Speaking from the other end...being the wife that was cheated on...I think it's important for you to be thinking of her feelings right now. It's good that you are sorry and upset about what you have done, and that's a really great sign. But I think that being as supportive and comforting and loving as possible will help her deal with the situation. When she is at a place where she is starting to feel a little better, then I think that will come for you too.


----------



## happless (Jul 17, 2008)

Thanks for the advice. Do any of you suggest the offender confront the other woman (TOW)? I have debated whether to let sleeping dogs lie or to let them know that my spouse and I are together and working through things. That what happened was wrong, etc. I wouldn't consider it if TOW wasn't still trying to make contact with me. My spouse supports me doing this if it is helpful to me in putting this in the past. TOW is convinced that I should be with them......mistakenly I must say. They took my cutting contact very hard and I think are emotionally unstable.


----------



## swedish (Mar 6, 2008)

Having been on your wife's end, I think if she is supportive of this idea then confront TOW. I'm sure your wife would like her to stop trying to contact you as well. I think it would be better to do by mail/email so you can say what you need to w/o her trying to talk you out of it, etc. or asking for one last hug, etc. If it needs to be in person, be aware of her emotional state and what you may be up against so you don't react to her out of guilt, etc. Your wife should be in the loop on whatever happens here so if you confront her act as though your wife is standing there too and the right words will come.
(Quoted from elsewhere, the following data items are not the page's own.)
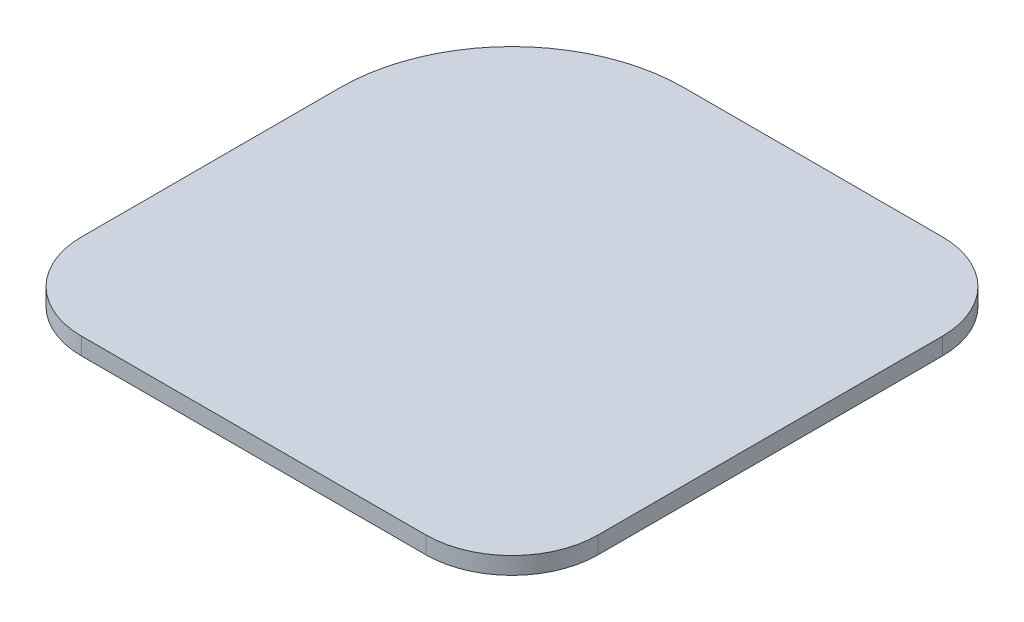
SolidWorks part; units mm, degrees
ref_plane "Front Plane" through (0, 0, 0) normal (0, 0, 1) x (1, 0, 0)
ref_plane "Top Plane" through (0, 0, 0) normal (0, 1, 0) x (1, 0, 0)
ref_plane "Right Plane" through (0, 0, 0) normal (1, 0, 0) x (0, 0, -1)
sketch "Sketch2" plane through (0, 0, 0) normal (0, 1, 0) x (1, 0, 0)
  line L1 (-10, 30) -> (20, 30)
  line L2 (-30, 10) -> (-30, -20)
  line L3 (-20, -30) -> (20, -30)
  line L4 (30, 20) -> (30, -20)
  line L5 (-30, 30) -> (30, -30) construction
  line L6 (-30, -30) -> (30, 30) construction
  arc A0 (-10, 30) -> (-30, 10) centre (-10, 10) ccw
  arc A1 (-30, -20) -> (-20, -30) centre (-20, -20) ccw
  arc A2 (20, -30) -> (30, -20) centre (20, -20) ccw
  arc A3 (20, 30) -> (30, 20) centre (20, 20) cw
  point P0 (0, 0)
  dimension "D3" = 20
  dimension "D4" = 10
  dimension "D1" = 60
  dimension "D2" = 60
extrude "Boss-Extrude1" add sketch "Sketch2" along normal blind 2
scale "Scale1" scale about centroid uniform scaling yes scale factor 0.9
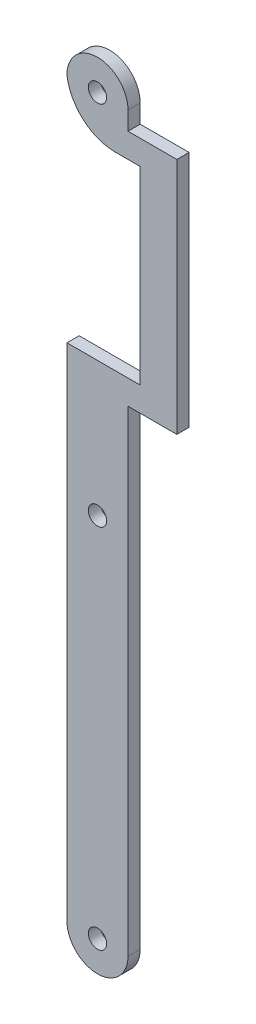
SolidWorks part; units mm, degrees
ref_plane "前视基准面" through (0, 0, 0) normal (0, 0, 1) x (1, 0, 0)
ref_plane "上视基准面" through (0, 0, 0) normal (0, 1, 0) x (1, 0, 0)
ref_plane "右视基准面" through (0, 0, 0) normal (1, 0, 0) x (0, 0, -1)
sketch "草图1" plane through (0, 0, 0) normal (0, 0, 1) x (1, 0, 0)
  line L0 (0, 60) -> (0, -60) construction
  line L1 (5, 60) -> (5, -60)
  line L2 (-5, 60) -> (-5, -60)
  line L3 (55, 0) -> (-55, 0) construction
  arc A0 (5, 60) -> (-5, 60) centre (0, 60) ccw
  arc A1 (-5, -60) -> (5, -60) centre (0, -60) ccw
  circle A2 centre (0, 60) radius 1.5
  circle A3 centre (0, -60) radius 1.5
  circle A5 centre (0, 0) radius 1.5
  point P3 (0, 0)
  dimension "D3" = 3
  dimension "D4" = 60
  dimension "D5" = 3
  dimension "D1" = 60
  dimension "D2" = 10
extrude "凸台-拉伸1" add sketch "草图1" along normal blind 2
sketch "草图2" plane through (-5, 0, 0) normal (-1, 0, 0) x (0, 0, 1)
  line L0 (0, 60) -> (0, -60) construction
  line L1 (0, 57) -> (2, 57)
  line L2 (0, 57) -> (0, 53)
  line L3 (0, 53) -> (2, 53)
  line L4 (2, 57) -> (2, 53)
  line L5 (2, 60) -> (2, -60) construction
  line L6 (2, 65) -> (0, 65) construction
  dimension "D1" = 8
  dimension "D2" = 4
extrude "凸台-拉伸5" add sketch "草图2" against normal blind 18
sketch "草图5" plane through (0, 53, 0) normal (0, -1, 0) x (1, 0, 0)
  line L0 (13, 2) -> (5, 2) construction
  line L1 (13, 0) -> (10, 0)
  line L2 (13, 0) -> (13, 2)
  line L3 (13, 2) -> (10, 2)
  line L4 (10, 0) -> (10, 2)
  dimension "D1" = 3
extrude "凸台-拉伸6" add sketch "草图5" along normal blind 35
sketch "草图7" plane through (13, 0, 0) normal (1, 0, 0) x (0, 0, -1)
  line L0 (0, 57) -> (0, 18) construction
  line L1 (-2, 18) -> (0, 18)
  line L2 (-2, 18) -> (-2, 22)
  line L3 (-2, 22) -> (0, 22)
  line L4 (0, 18) -> (0, 22)
  dimension "D1" = 4
extrude "凸台-拉伸9" add sketch "草图7" against normal up to surface (8 mm away) up to face at (5, -3.5, 1)
sketch "草图9" plane through (0, 0, 0) normal (0, 0, -1) x (-1, 0, 0)
  line L0 (5, 60) -> (5, -60) construction
  line L1 (-5, 53) -> (5, 53)
  line L2 (-5, 53) -> (-5, 22)
  line L3 (-5, 22) -> (5, 22)
  line L4 (5, 53) -> (5, 22)
  dimension "D1" = 31
extrude "切除-拉伸2" cut sketch "草图9" against normal blind 15
sketch "草图10" plane through (0, 0, 0) normal (0, 0, -1) x (-1, 0, 0)
  line L0 (5, 22) -> (-10, 22) construction
  line L1 (-10, 53) -> (-7, 53)
  line L2 (-10, 53) -> (-10, 22)
  line L3 (-10, 22) -> (-7, 22)
  line L4 (-7, 53) -> (-7, 22)
  dimension "D1" = 3
extrude "凸台-拉伸10" add sketch "草图10" against normal up to surface (2 mm away) up to face at (3.8333, 25, 2)
fillet "圆角1" radius 8 1 edges at (-5, 53, 1)
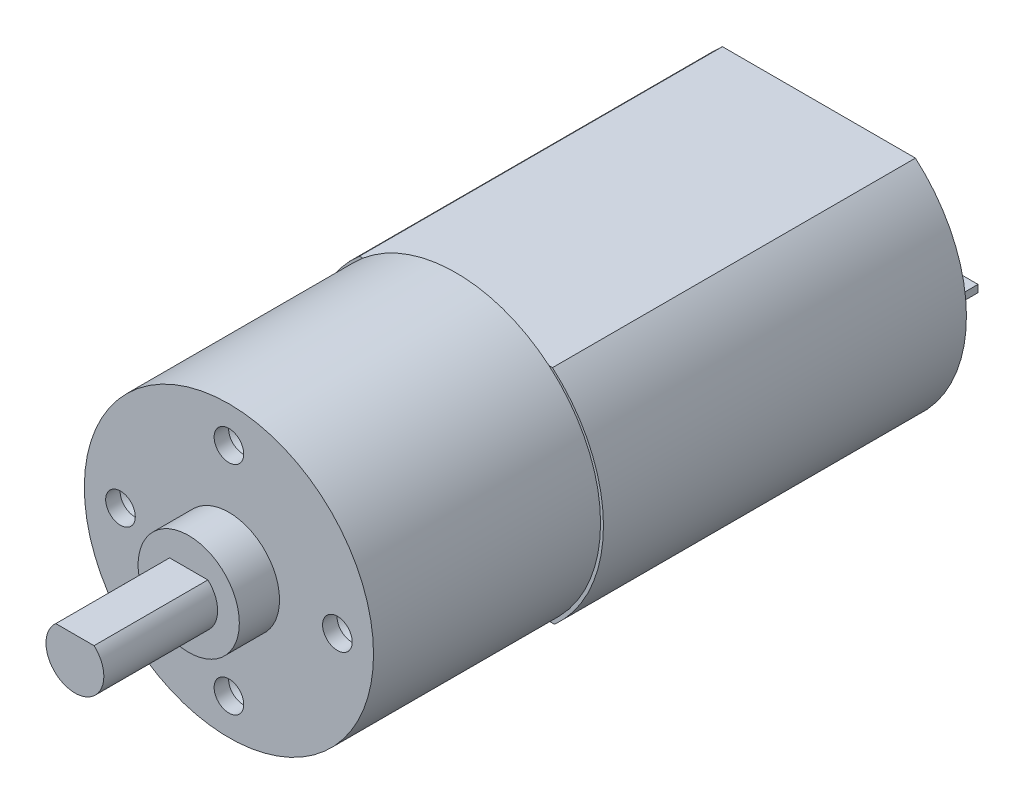
SolidWorks part; units mm, degrees
material "ASTM A36 Steel"
ref_plane "Front Plane" through (0, 0, 0) normal (0, 0, 1) x (1, 0, 0)
ref_plane "Top Plane" through (0, 0, 0) normal (0, 1, 0) x (1, 0, 0)
ref_plane "Right Plane" through (0, 0, 0) normal (1, 0, 0) x (0, 0, -1)
sketch "Sketch1" plane through (0, 0, 0) normal (0, 0, 1) x (1, 0, 0)
  circle A0 centre (0, 0) radius 10
  dimension "D1" = 20
extrude "GearBox" add sketch "Sketch1" along normal blind 15.7
sketch "Sketch3" plane through (0, 0, 0) normal (0, 0, -1) x (-1, 0, 0)
  line L0 (0, 4.9186) -> (0, -5.0461) construction
  line L3 (-6.0008, 0) -> (6.0008, 0) construction
  line L6 (-6.6744, 7.65) -> (6.6744, 7.65)
  line L7 (-6.819, -7.65) -> (6.819, -7.65)
  line L8 (8.635, 0) -> (-8.635, 0) construction
  line L9 (0, 8.635) -> (0, -8.635) construction
  arc A0 (-6.6744, 7.65) -> (-6.819, -7.65) centre (0, -0.0638) ccw
  arc A1 (6.819, -7.65) -> (6.6744, 7.65) centre (0, -0.0638) ccw
  point P8 (-10.2, 0.0326)
  point P9 (10.2, 0.0326)
  dimension "D1" = 15.3
  dimension "D3" = 20.4
  dimension "D2" = 7.65
extrude "Motor" add sketch "Sketch3" along normal blind 25.1
sketch "Sketch4" plane through (0, 0, 15.7) normal (0, 0, 1) x (1, 0, 0)
  line L0 (0, 4.9911) -> (0, -4.9911) construction
  line L3 (-6.0008, 0) -> (6.0007, 0) construction
  circle A0 centre (0, 0) radius 3.5
  dimension "D1" = 7
extrude "Output_Shaft_Collar" add sketch "Sketch4" along normal blind 2.78
sketch "Sketch5" plane through (0, 0, 18.48) normal (0, 0, 1) x (1, 0, 0)
  line L0 (0, 3.5) -> (0, -3.5) construction
  line L1 (-3.5, 0) -> (3.5, 0) construction
  line L2 (0, -7.454) -> (0, -2) construction
  line L3 (-2, 0) -> (2, 0) construction
  line L4 (-1.3229, 1.5) -> (1.3229, 1.5)
  circle A0 centre (0, 0) radius 3.5 construction
  arc A1 (-1.3229, 1.5) -> (1.3229, 1.5) centre (0, 0) ccw
  dimension "D1" = 4
  dimension "D2" = 3.5
extrude "Output_Shaft" add sketch "Sketch5" along normal blind 7.87
sketch "Sketch6" plane through (0, 0, -25.1) normal (0, 0, -1) x (-1, 0, 0)
  line L0 (0, 7.65) -> (0, -7.65) construction
  line L1 (6.6744, 7.65) -> (-6.6744, 7.65) construction
  line L2 (-6.819, -7.65) -> (6.819, -7.65) construction
  line L3 (10.2, -0.1601) -> (-10.2, -0.1601) construction
  arc A0 (-6.6744, 7.65) -> (-6.819, -7.65) centre (0, -0.0638) ccw construction
  arc A1 (6.819, -7.65) -> (6.6744, 7.65) centre (0, -0.0638) ccw construction
  circle A2 centre (0, 0) radius 3.02
  dimension "D1" = 6.04
extrude "Boss-Extrude11" add sketch "Sketch6" along normal blind 1.86
sketch "Sketch10" plane through (0, 0, -25.1) normal (0, 0, -1) x (-1, 0, 0)
  line L1 (11.2205, 0) -> (-11.2205, 0) construction
  line L2 (-6.64, -0.25) -> (-9, -0.25)
  line L3 (-6.64, -0.25) -> (-6.64, 0.25)
  line L4 (-6.64, 0.25) -> (-9, 0.25)
  line L5 (-9, -0.25) -> (-9, 0.25)
  line L6 (-6.64, -0.25) -> (-9, 0.25) construction
  line L7 (0, 5.1246) -> (0, -6.0856) construction
  line L8 (0, 11) -> (0, -11) construction
  line L9 (-6.64, 0.25) -> (-9, -0.25) construction
  line L10 (0, 10) -> (0, -10.5351) construction
  line L11 (6.64, 0.25) -> (9, -0.25) construction
  line L12 (6.64, -0.25) -> (9, 0.25) construction
  line L13 (9, -0.25) -> (9, 0.25)
  line L14 (6.64, 0.25) -> (9, 0.25)
  line L15 (6.64, -0.25) -> (6.64, 0.25)
  line L16 (6.64, -0.25) -> (9, -0.25)
  circle A0 centre (0, 0) radius 10 construction
  point P0 (-7.82, 0)
  point P20 (7.82, 0)
  dimension "D1" = 2.36
  dimension "D2" = 0.5
  dimension "D3" = 9
extrude "Boss-Extrude13" add sketch "Sketch10" along normal blind 2
hole_wizard "M2.5x0.45 Tapped Hole1" positions "Sketch12" profile "Sketch11" tap size "M2.5x0.45" standard "ANSI Metric"
sketch "Sketch12" plane through (0, 0, 15.7) normal (0, 0, 1) x (1, 0, 0)
  line L0 (11.2205, 0) -> (-11.2205, 0) construction
  line L2 (0, -11) -> (0, 11) construction
  point P0 (-7.5, 0)
  point P4 (7.5, 0)
  point P9 (0, 7.5)
  point P11 (0, -7.5)
  dimension "D1" = 15
  dimension "D2" = 7.5
  dimension "D3" = 15
  dimension "D4" = 7.5
sketch "Sketch11" plane through (-7.5, 0, 15.7) normal (1, 0, 0) x (0, -1, 0)
  line L0 (0, 0) -> (0, 1.6159)
  line L1 (0, 1.6159) -> (1.025, 1)
  line L2 (1.025, 1) -> (1.025, 0)
  line L5 (1.025, 0) -> (0, 0)
  line L10 (0, 1.6159) -> (-1.025, 1) construction
  line L11 (0, -6.35) -> (0, 107.95) construction
  dimension "Tap Drill Dia." = 2.05
  dimension "Tap Drill Depth" = 1
  dimension "Drill Angle" = 118
cosmetic thread "Hole Thread1" parameters "D1"=1, "D2"=2.5
cosmetic thread "Hole Thread2" parameters "D1"=1, "D2"=2.5
cosmetic thread "Hole Thread3" parameters "D1"=1, "D2"=2.5
cosmetic thread "Hole Thread4" parameters "D1"=1, "D2"=2.5
ref_axis "Axis1" through (0, 0, 31.0884) along (0, 0, -1)
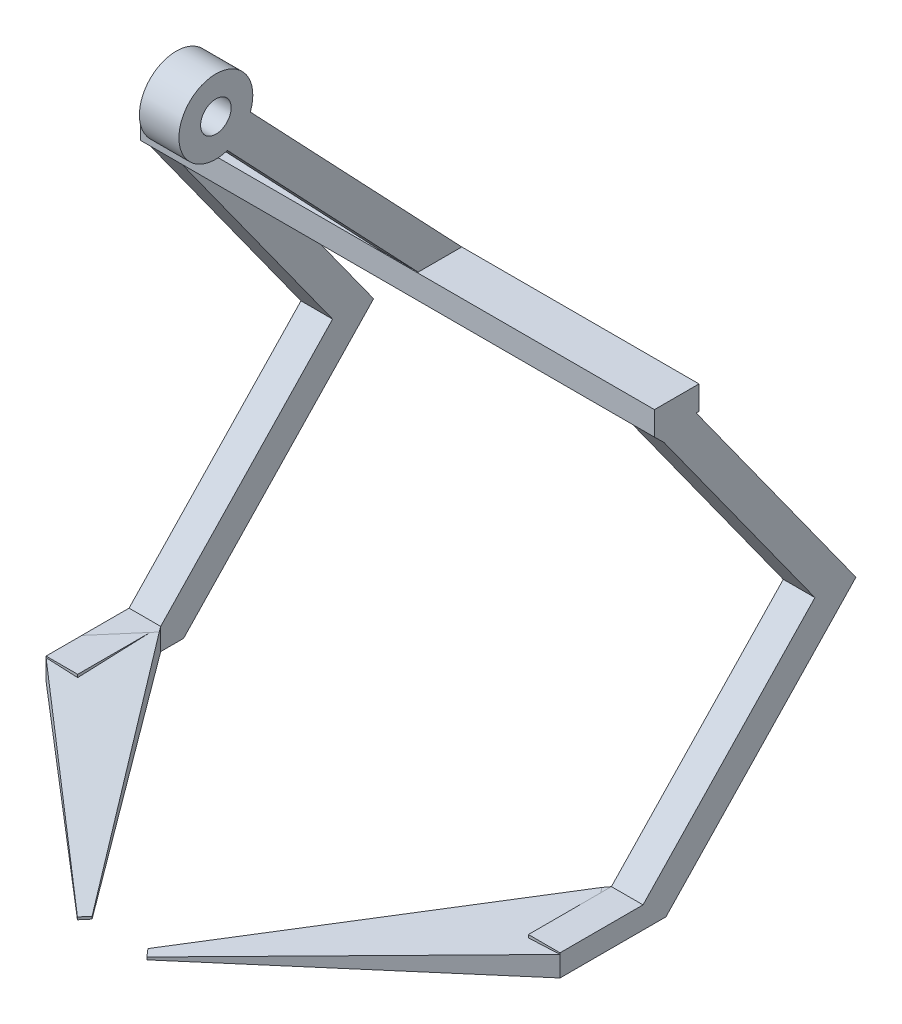
SolidWorks part; units mm, degrees
ref_plane "Front Plane" through (0, 0, 0) normal (0, 0, 1) x (1, 0, 0)
ref_plane "Top Plane" through (0, 0, 0) normal (0, 1, 0) x (1, 0, 0)
ref_plane "Right Plane" through (0, 0, 0) normal (1, 0, 0) x (0, 0, -1)
sketch "Sketch1" plane through (0, 0, 0) normal (1, 0, 0) x (0, 0, -1)
  line L0 (-48.3551, -11.0607) -> (-18.7049, -42.2714) construction
  line L1 (-46.8959, -15.5005) -> (-20.1549, -43.6489)
  line L2 (-43.9959, -12.7455) -> (-17.2549, -40.8939)
  line L3 (-46.9051, -9.6832) -> (-17.2549, -40.8939) construction
  line L4 (-49.8051, -12.4382) -> (-20.1549, -43.6489) construction
  line L5 (-17.2549, -40.8939) -> (-20.1549, -43.6489)
  arc A0 (-43.9959, -12.7455) -> (-46.8959, -15.5005) centre (-48.3551, -11.0607) ccw
  circle A1 centre (-48.3551, -11.0607) radius 1.933
  dimension "D1" = 2
  dimension "D2" = 2
extrude "Boss-Extrude2" add sketch "Sketch1" along normal blind 5
sketch "Sketch2" plane through (5, 0, 0) normal (1, 0, 0) x (0, 0, -1)
  line L1 (-17.2549, -40.8939) -> (-22.8861, -40.8939)
  line L2 (-17.2549, -40.8939) -> (-17.2549, -43.9088)
  line L3 (-17.2549, -43.9088) -> (-22.8861, -43.9088)
  line L4 (-22.8861, -40.8939) -> (-22.8861, -43.9088)
extrude "Boss-Extrude3" add sketch "Sketch2" along normal blind 30 and the other way blind 35
sketch "Sketch3" plane through (35, 0, 0) normal (1, 0, 0) x (0, 0, -1)
  line L0 (-20.0705, -43.9088) -> (0, -71.8095) construction
  line L1 (-22.8861, -43.9088) -> (-17.2549, -43.9088) construction
  line L2 (0, -71.8095) -> (-22.8861, -95.7939) construction
  line L3 (-21.6941, -45.0767) -> (-2.593, -71.6298)
  line L4 (-2.593, -71.6298) -> (-24.333, -94.4132)
  line L5 (-18.4469, -42.7409) -> (2.593, -71.9892)
  line L6 (2.593, -71.9892) -> (-21.4391, -97.1746)
  line L7 (-21.6941, -45.0767) -> (-22.8861, -43.9088)
  line L8 (-22.8861, -43.9088) -> (-18.4469, -42.7409)
  line L10 (-34.8288, -97.1746) -> (-21.4391, -97.1746)
  line L11 (-24.333, -94.4132) -> (-34.8288, -94.4132)
  line L12 (-34.8288, -94.4132) -> (-34.8288, -97.1746)
  dimension "D1" = 2
  dimension "D2" = 2
extrude "Boss-Extrude4" add sketch "Sketch3" against normal blind 4
pattern_linear "LPattern1" count 2 spacing 61 along (-1, 0, 0) of "Boss-Extrude4"
sketch "Sketch6" plane through (0, -94.4132, 0) normal (0, 1, 0) x (1, 0, 0)
  line L0 (2.5, -17.2549) -> (2.5, -62.7402) construction
  line L1 (5, -17.2549) -> (0, -17.2549) construction
  line L2 (6.8886, -58.9712) -> (35, -34.8288) construction
  line L3 (31, -24.333) -> (6.0346, -57.9769)
  line L4 (6.8886, -58.9712) -> (35, -34.8288)
  line L5 (35, -34.8288) -> (35, -24.333)
  line L6 (35, -24.333) -> (31, -24.333)
  line L11 (6.0346, -57.9769) -> (6.8886, -58.9712)
  line L12 (-1.8886, -58.9712) -> (-30, -34.8288) construction
  line L13 (-1.0346, -57.9769) -> (-1.8886, -58.9712)
  line L14 (-1.8886, -58.9712) -> (-30, -34.8288)
  line L15 (-26, -24.333) -> (-1.0346, -57.9769)
  line L16 (-30, -24.333) -> (-26, -24.333)
  line L17 (-30, -34.8288) -> (-30, -24.333)
  line M7 (31, -24.333) -> (31, -34.8288)
  line M8 (31, -34.8288) -> (35, -34.8288)
extrude "Boss-Extrude7" add sketch "Sketch6" against normal through all separate body contours L14 | L3 L4 M8 M7 region at (22.1769, -94.4132, 41.2405) region at (-19.0423, -94.4132, 39.2309)
chamfer "Chamfer4" distance 40 angle 3.5 1 edges at (-1.4616, -94.4132, 58.474) first distance on face at (-17.7846, -94.4132, 40.0886)
chamfer "Chamfer5" distance 40 angle 3.5 1 edges at (6.4616, -94.4132, 58.474) first distance on face at (21.9846, -94.4132, 42.1877)

Hearing it was wrong might not mean much to her because she isn't there. Hearing you love your wife and made a big mistake by taking issues outside of your marriage rather than working within the marriage to make it stronger might make her realize you are over her and committed to repairing your marriage. It might give her the closure she needs to back off.


----------



## Triton (Jul 8, 2008)

:iagree:


----------



## happless (Jul 17, 2008)

mommy22.....THANK YOU. That is wonderful advice especially since you pretty much hit on everything that I have been feeling and have been through.

On the same token, do you recommend writing a letter or just ignoring? I asked for no contact nearly a year ago but still get periodic emails that whether meant to or not just serve to make me feel more guilty.


----------